___ Working data ___

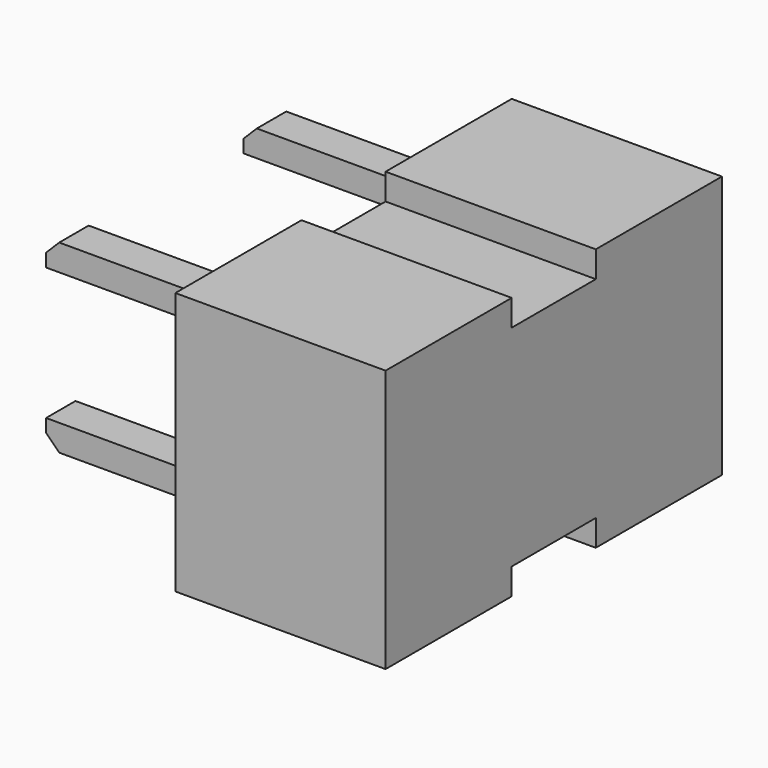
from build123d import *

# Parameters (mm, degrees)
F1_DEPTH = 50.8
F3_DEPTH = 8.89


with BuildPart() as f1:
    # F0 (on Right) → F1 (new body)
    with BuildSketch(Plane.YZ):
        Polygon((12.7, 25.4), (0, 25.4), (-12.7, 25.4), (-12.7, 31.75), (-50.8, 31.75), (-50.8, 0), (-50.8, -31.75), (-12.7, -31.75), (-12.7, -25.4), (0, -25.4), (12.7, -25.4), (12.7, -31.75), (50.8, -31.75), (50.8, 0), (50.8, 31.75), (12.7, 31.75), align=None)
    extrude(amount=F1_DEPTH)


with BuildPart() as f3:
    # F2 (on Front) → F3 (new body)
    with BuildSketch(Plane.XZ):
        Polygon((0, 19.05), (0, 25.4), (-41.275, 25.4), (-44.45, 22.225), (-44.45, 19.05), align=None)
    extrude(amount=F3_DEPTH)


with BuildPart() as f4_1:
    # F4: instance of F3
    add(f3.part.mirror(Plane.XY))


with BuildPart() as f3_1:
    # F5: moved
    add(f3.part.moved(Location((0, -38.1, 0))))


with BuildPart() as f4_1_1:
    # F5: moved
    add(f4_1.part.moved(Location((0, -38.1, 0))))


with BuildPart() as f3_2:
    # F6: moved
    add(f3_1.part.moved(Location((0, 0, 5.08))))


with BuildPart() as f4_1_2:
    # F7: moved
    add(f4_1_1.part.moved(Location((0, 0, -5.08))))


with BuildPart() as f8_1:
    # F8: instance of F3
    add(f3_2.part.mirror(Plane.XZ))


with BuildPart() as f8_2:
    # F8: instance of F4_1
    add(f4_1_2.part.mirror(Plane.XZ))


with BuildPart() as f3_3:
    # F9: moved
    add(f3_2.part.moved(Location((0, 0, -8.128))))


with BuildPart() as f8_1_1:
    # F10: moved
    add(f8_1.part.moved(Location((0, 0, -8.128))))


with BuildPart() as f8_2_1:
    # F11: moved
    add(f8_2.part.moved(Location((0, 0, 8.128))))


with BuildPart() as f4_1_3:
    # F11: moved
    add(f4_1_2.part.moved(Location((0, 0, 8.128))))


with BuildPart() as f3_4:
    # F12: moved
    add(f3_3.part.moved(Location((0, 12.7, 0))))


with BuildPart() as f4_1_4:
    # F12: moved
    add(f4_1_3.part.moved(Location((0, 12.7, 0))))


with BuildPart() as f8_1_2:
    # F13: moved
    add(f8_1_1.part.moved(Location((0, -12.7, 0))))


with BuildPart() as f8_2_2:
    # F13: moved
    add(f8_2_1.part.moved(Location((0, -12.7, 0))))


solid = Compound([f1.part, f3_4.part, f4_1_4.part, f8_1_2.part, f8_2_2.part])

___

Description of the task → Report every line containing the string "extrude" in the material.

Task output →
    extrude(amount=F1_DEPTH)
    extrude(amount=F3_DEPTH)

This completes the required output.